[Extracted data entries]
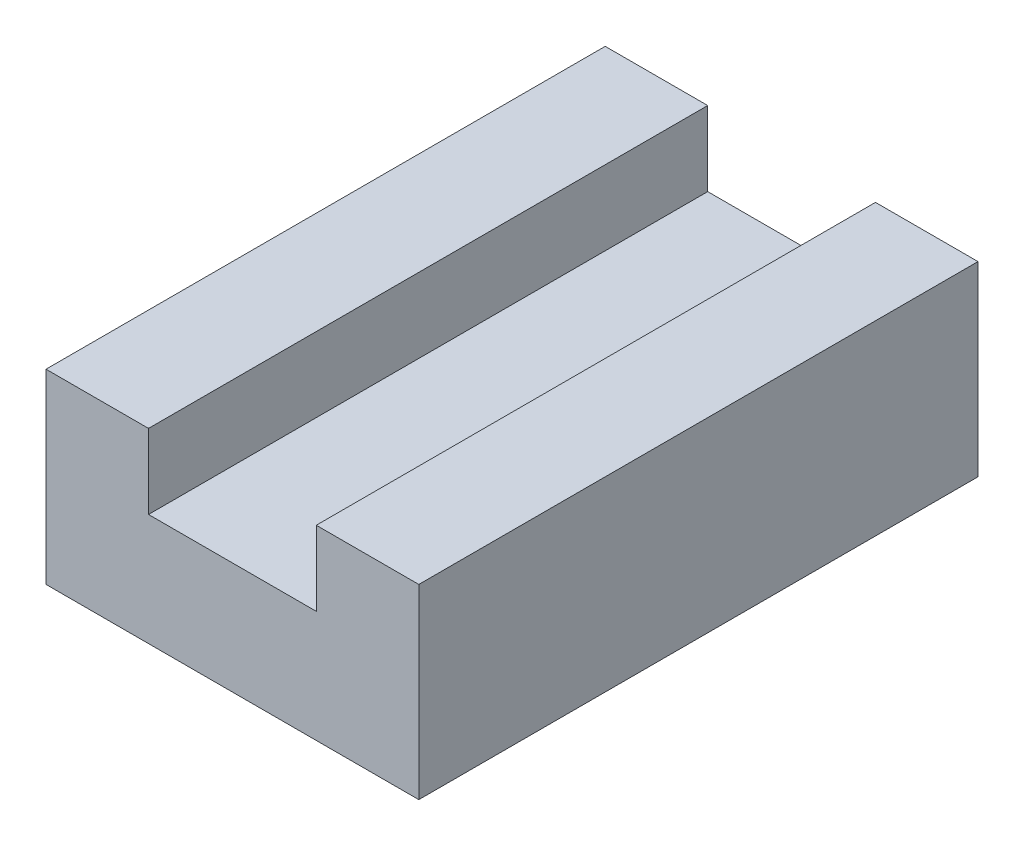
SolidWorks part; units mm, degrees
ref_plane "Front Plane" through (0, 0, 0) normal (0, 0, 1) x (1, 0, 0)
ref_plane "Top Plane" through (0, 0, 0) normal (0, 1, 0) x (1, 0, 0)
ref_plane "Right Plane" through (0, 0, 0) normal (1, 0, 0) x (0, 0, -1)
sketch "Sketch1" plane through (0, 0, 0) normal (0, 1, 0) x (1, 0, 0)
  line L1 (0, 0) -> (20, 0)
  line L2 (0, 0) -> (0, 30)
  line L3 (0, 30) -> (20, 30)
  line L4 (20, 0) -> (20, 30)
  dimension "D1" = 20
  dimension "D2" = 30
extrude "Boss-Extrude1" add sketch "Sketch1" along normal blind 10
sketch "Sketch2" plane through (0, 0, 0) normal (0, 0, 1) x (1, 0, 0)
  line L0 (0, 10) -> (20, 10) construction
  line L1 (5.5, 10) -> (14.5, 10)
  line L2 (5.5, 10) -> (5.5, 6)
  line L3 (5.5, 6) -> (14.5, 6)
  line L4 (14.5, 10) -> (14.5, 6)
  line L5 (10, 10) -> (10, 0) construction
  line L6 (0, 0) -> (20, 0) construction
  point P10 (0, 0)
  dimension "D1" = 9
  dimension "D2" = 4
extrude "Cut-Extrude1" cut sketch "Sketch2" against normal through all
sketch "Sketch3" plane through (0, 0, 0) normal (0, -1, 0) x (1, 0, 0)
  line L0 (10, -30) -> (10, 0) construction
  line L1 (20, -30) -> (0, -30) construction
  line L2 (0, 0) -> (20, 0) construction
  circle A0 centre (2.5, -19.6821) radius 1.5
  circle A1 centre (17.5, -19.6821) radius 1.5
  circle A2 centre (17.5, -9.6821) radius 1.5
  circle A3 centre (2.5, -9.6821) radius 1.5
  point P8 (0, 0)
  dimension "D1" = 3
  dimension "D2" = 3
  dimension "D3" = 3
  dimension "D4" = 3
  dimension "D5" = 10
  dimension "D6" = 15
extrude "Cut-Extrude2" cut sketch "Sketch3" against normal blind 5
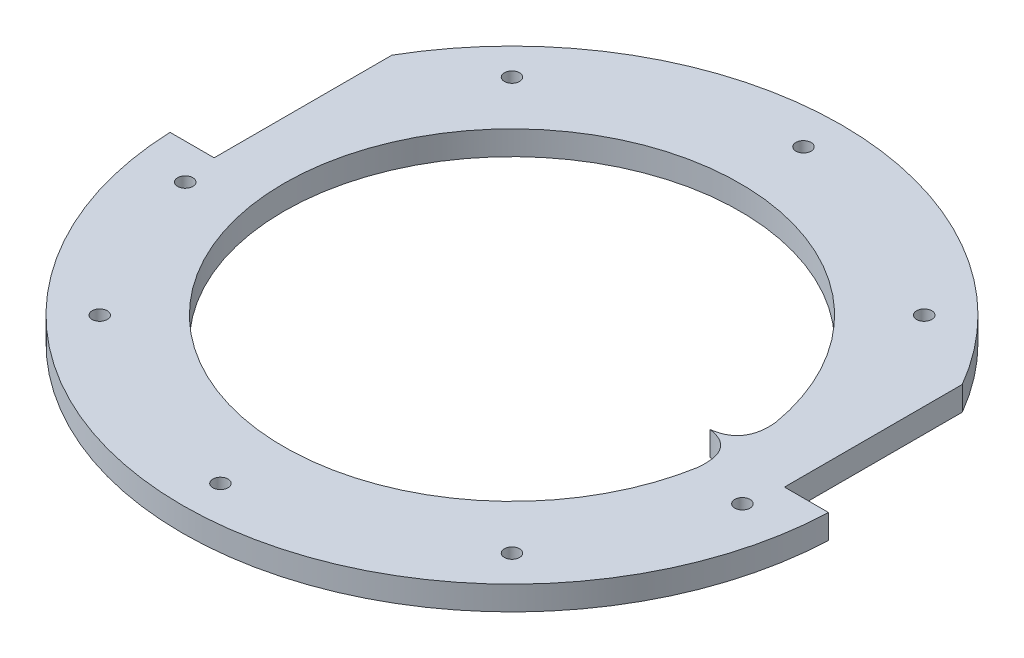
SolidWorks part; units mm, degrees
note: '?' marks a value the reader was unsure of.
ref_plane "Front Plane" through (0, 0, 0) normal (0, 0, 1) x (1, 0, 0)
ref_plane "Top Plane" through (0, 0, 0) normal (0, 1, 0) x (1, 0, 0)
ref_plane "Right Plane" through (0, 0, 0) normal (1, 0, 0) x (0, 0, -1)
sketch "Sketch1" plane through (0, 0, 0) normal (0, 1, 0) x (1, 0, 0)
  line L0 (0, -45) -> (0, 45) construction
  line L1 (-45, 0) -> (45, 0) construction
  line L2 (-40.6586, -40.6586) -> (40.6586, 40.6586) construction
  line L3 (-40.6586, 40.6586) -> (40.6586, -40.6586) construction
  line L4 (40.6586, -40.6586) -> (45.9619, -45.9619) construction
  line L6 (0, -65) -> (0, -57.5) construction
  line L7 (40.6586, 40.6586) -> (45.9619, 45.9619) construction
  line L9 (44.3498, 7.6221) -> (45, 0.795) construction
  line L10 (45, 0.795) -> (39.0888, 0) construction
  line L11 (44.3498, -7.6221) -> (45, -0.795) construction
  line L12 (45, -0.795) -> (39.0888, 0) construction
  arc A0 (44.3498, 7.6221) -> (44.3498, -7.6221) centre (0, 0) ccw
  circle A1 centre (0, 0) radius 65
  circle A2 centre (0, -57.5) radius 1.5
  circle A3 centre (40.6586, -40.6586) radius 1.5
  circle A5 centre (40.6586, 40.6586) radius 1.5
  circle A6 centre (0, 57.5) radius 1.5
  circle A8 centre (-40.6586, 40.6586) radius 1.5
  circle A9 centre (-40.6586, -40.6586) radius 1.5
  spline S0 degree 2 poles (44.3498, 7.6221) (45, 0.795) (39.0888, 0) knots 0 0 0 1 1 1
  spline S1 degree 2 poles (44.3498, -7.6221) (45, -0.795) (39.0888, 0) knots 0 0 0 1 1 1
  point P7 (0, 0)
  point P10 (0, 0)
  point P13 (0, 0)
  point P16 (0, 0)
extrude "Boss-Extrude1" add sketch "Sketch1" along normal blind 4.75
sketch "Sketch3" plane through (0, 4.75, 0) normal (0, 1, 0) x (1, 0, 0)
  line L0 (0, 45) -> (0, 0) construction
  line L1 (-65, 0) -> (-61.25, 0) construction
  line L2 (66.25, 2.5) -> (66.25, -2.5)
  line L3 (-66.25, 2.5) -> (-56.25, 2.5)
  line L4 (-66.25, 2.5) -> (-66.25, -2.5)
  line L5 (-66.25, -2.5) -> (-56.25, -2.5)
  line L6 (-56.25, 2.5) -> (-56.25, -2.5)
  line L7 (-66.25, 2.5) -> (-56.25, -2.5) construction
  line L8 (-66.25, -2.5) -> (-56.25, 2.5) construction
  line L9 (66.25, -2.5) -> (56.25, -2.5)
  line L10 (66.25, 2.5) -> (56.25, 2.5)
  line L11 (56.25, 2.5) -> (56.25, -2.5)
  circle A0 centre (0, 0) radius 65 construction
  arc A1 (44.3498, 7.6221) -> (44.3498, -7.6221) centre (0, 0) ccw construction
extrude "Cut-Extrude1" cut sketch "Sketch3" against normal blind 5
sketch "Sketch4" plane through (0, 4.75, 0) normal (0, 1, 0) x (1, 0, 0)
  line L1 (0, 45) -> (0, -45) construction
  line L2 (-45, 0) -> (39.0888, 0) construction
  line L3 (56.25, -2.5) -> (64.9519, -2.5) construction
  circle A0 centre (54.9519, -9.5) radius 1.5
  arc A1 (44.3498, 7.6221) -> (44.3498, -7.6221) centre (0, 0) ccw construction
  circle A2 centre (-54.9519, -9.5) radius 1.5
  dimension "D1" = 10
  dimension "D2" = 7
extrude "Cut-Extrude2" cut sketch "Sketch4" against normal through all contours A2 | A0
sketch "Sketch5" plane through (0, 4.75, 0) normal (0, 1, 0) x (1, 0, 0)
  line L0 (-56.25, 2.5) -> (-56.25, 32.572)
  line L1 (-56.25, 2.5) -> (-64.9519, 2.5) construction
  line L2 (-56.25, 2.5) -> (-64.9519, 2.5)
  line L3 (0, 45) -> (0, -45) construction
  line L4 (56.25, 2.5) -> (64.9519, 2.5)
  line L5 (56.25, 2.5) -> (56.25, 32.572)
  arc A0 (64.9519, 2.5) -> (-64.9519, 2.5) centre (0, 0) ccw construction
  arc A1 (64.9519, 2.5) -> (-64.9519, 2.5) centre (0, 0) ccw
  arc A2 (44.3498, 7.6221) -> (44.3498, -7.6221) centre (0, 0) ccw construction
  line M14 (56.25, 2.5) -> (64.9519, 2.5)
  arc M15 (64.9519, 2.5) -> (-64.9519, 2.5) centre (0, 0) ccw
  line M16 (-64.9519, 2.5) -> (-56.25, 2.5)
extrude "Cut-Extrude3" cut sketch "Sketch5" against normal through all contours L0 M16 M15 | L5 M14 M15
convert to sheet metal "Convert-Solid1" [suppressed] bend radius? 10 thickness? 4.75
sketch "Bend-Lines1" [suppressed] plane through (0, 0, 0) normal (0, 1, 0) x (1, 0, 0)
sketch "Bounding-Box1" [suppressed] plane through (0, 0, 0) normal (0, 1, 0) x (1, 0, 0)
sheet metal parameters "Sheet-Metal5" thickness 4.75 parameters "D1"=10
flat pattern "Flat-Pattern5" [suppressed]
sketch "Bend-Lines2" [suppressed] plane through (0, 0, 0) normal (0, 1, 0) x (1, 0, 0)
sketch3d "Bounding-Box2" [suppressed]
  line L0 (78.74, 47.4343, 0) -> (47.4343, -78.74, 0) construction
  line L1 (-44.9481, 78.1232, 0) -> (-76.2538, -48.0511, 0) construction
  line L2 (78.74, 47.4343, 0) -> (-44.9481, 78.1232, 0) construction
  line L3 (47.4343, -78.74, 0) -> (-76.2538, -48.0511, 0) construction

### ABOUT THIS EXERCISE
Lines in the data containing the string "extrude" are to be counted; give that number alone.

### ANSWER TO THE EXERCISE
7